Commerce’s decision to collapse Maquilacero and TEFLU was improper because the department relied on a prior 2018-2019 collapsing determination without conducting an analysis of the statutory collapsing factors, the companies said. Though Maquilacero and TEFLU meet two of the statutory criteria, overlap in ownership and management, Commerce failed to address arguments during th proceeding that challenged the basis for even conducting a collapsing review. The department's reliance on a previous review, without explanation, makes the decision to collapse unlawful, the brief said.
Commerce unlawfully expanded the scope of the AD order to include finished downstream products sold to automotive equipment manufacturers, the two exporters argued. TEFLU's parts that are further manufactured may "share basic chemical and physical characteristics" but are clearly not the same product as the light-walled rectangular pipe and tube included in the scope of the AD order, they said. The International Trade Commission's injury finding considered the auto parts a downstream application, not subject merchandise, the exporters argued. They also noted that the CIT had previously cautioned Commerce that downstream finished products made from subject merchandise aren't themselves subject merchandise.

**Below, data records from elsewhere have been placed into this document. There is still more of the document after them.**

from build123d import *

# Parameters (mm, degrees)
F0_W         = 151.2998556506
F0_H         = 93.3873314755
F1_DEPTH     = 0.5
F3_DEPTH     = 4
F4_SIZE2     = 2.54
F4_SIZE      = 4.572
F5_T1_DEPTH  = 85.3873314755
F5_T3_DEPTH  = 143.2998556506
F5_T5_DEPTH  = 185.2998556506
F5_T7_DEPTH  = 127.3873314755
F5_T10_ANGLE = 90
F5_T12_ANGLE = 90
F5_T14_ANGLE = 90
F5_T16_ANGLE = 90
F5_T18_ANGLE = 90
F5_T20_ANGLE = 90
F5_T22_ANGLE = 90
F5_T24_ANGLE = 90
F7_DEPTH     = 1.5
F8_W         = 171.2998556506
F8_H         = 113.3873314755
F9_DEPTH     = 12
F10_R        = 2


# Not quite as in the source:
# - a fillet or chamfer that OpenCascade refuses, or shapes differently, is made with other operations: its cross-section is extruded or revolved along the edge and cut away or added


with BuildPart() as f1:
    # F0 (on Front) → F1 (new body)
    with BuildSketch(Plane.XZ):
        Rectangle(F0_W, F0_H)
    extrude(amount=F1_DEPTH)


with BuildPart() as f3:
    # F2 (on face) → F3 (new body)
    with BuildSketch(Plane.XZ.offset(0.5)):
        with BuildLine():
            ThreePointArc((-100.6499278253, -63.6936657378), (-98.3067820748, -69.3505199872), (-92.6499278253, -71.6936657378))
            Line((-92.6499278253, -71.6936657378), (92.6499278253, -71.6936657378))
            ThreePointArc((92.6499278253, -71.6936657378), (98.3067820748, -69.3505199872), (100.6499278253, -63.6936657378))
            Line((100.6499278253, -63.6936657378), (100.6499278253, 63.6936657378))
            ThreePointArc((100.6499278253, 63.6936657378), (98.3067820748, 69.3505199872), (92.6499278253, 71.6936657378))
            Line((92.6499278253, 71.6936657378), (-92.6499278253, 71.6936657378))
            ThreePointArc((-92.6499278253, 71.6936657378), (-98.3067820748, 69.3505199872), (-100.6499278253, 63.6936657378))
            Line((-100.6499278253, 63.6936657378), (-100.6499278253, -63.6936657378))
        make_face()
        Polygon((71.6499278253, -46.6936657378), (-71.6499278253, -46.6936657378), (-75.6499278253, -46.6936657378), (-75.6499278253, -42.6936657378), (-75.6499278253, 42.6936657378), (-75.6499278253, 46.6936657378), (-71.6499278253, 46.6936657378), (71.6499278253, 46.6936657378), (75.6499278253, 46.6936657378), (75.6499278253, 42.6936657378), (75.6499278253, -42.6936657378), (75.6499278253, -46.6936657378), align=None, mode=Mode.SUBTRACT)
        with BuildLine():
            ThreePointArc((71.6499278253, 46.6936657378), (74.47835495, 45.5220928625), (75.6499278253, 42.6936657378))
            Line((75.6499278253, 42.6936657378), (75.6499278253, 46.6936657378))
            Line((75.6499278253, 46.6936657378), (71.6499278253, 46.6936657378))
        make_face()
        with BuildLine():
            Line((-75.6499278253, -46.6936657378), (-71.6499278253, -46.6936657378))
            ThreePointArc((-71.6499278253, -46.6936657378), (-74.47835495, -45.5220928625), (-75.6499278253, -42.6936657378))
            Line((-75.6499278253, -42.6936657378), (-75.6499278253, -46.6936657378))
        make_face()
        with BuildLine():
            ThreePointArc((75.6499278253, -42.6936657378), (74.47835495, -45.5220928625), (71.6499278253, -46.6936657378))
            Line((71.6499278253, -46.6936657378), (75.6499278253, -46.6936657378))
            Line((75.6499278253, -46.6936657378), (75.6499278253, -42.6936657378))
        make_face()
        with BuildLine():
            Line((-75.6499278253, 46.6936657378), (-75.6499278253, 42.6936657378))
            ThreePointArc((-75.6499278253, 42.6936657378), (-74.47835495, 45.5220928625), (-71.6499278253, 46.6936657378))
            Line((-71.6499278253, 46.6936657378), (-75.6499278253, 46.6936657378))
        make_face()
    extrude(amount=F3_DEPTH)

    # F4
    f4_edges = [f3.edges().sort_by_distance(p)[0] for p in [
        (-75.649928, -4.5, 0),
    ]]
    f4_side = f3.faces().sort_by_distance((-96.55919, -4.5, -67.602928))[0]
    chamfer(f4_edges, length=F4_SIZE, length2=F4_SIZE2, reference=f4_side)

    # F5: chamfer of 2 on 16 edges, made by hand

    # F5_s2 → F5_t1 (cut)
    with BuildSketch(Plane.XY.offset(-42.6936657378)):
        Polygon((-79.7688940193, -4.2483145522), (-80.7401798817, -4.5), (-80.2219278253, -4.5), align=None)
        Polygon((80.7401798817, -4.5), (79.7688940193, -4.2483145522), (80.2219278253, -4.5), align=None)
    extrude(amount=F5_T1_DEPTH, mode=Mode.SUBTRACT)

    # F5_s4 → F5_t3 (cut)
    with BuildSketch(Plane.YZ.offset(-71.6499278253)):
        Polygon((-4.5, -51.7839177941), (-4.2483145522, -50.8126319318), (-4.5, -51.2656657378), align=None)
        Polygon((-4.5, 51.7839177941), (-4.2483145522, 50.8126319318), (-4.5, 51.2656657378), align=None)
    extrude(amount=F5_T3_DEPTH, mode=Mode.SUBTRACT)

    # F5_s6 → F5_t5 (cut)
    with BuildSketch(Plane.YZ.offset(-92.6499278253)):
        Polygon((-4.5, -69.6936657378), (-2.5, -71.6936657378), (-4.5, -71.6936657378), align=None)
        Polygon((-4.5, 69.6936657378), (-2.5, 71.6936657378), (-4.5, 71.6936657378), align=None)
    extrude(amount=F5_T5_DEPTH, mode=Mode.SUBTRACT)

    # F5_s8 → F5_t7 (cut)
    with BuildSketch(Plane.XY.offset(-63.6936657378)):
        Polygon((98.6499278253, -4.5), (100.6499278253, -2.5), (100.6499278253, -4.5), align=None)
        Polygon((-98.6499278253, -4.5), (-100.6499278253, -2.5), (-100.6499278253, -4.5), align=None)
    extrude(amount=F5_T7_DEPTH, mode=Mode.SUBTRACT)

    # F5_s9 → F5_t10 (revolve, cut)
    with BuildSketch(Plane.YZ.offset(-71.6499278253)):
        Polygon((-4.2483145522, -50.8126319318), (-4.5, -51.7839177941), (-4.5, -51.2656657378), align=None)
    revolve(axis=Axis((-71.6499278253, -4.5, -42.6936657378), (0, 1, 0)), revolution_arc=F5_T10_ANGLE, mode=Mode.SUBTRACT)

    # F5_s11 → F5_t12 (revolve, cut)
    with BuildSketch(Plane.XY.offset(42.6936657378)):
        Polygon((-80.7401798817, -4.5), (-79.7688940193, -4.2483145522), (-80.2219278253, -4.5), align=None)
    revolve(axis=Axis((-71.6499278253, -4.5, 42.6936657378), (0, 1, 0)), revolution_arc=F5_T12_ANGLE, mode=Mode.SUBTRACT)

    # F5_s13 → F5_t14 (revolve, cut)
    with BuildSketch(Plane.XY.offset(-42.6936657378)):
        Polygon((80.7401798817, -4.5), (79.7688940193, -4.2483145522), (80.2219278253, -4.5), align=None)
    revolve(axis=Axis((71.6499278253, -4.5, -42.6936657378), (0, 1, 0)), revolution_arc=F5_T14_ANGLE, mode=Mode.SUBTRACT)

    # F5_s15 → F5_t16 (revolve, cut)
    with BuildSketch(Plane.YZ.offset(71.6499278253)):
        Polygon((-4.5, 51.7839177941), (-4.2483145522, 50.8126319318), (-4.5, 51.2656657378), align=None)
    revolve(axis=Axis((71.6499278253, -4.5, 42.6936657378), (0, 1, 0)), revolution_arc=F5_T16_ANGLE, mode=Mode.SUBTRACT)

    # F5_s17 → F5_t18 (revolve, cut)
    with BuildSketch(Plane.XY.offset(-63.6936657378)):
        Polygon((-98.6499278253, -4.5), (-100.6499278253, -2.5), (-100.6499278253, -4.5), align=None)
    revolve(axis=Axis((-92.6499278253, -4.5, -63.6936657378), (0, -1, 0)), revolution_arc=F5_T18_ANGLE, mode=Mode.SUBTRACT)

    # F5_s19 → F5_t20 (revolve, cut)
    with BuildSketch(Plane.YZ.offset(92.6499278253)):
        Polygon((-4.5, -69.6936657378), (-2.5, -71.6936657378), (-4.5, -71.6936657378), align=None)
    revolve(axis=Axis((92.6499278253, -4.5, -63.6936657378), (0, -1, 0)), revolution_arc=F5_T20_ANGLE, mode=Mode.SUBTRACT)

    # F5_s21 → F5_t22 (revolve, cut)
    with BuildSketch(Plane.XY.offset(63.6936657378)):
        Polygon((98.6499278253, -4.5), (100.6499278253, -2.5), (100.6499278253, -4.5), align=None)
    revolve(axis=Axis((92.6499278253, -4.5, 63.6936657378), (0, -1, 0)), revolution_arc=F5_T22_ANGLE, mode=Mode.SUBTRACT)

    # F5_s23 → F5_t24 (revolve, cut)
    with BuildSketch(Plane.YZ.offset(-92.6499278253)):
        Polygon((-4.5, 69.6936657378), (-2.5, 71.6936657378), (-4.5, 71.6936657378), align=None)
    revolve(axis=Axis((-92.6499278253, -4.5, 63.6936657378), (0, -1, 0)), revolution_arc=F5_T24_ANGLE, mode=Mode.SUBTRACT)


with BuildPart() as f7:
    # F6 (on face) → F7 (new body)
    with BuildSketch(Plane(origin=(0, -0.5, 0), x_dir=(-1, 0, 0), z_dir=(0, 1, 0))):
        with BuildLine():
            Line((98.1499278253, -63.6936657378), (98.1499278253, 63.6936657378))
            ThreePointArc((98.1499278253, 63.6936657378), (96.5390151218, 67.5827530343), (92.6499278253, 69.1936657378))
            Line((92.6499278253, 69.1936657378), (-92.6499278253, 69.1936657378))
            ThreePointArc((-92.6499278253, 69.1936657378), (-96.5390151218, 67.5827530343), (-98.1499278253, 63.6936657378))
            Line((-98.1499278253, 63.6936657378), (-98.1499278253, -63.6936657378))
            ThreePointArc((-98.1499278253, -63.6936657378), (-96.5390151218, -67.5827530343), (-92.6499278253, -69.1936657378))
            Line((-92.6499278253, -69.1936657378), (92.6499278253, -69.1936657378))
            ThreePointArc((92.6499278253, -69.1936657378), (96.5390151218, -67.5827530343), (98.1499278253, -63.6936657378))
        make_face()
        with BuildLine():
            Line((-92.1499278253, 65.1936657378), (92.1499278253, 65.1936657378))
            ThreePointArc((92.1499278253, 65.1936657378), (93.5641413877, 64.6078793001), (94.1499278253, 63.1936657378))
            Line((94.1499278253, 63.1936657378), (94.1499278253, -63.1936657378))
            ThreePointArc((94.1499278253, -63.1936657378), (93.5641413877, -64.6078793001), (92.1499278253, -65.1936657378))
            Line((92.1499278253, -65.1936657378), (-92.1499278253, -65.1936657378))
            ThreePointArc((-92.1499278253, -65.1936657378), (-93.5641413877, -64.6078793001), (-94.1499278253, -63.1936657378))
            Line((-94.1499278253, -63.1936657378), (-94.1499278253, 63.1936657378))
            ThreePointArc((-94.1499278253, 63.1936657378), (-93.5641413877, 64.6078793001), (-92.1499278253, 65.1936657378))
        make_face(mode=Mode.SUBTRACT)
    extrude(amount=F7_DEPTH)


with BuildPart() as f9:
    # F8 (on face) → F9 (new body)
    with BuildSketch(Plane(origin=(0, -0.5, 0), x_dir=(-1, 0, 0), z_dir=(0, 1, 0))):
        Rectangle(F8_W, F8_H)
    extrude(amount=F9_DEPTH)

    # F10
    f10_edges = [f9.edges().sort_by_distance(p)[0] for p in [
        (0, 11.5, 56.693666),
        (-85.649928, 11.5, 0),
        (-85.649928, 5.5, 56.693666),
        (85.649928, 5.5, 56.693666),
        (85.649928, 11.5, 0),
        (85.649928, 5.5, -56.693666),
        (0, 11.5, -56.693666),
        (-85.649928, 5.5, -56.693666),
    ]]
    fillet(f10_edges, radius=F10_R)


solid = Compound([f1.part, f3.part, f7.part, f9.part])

Even if the department correctly found that TEFLU's downstream products were in-scope, it failed to use control numbers suited for "such a broad interpretation of the scope language," the exporters argued. The department ignored additional processing in its model matching methodology, which skewed any comparison between export price and normal value and produced "distorted" margins, the exporters said.
Mexico's IMMEX program is a tax regime that allows a foreign company to purchase inputs from Mexico free from domestic value-added tax when those inputs are used at Mexican facilities to produce end products for export. The nature of the program ensured that items sold through it were bound for export, but Commerce still treated such sales as home market sales, which further skewed the dumping margin, they argued.
Commerce also failed to provide any explanation that showed how the statistical assumptions underlying the Cohen’s d test were reliable, the exporters said. Such a showing has been required since an opinion by the U.S. Court of Appeals for the Federal Circuit in Stupp Corp. v. U.S. Commerce likewise failed to provide any reasonable explanation for using a simple average instead of a weighted average, when calculating the denominator of the Cohen’s d coefficient in accordance with Mid Continent Steel & Wire, Inc. v. U.S. (see 2310040025).
As in its initial May complaint, the exporters asked the court to remand the case to Commerce for review (see 2305040054).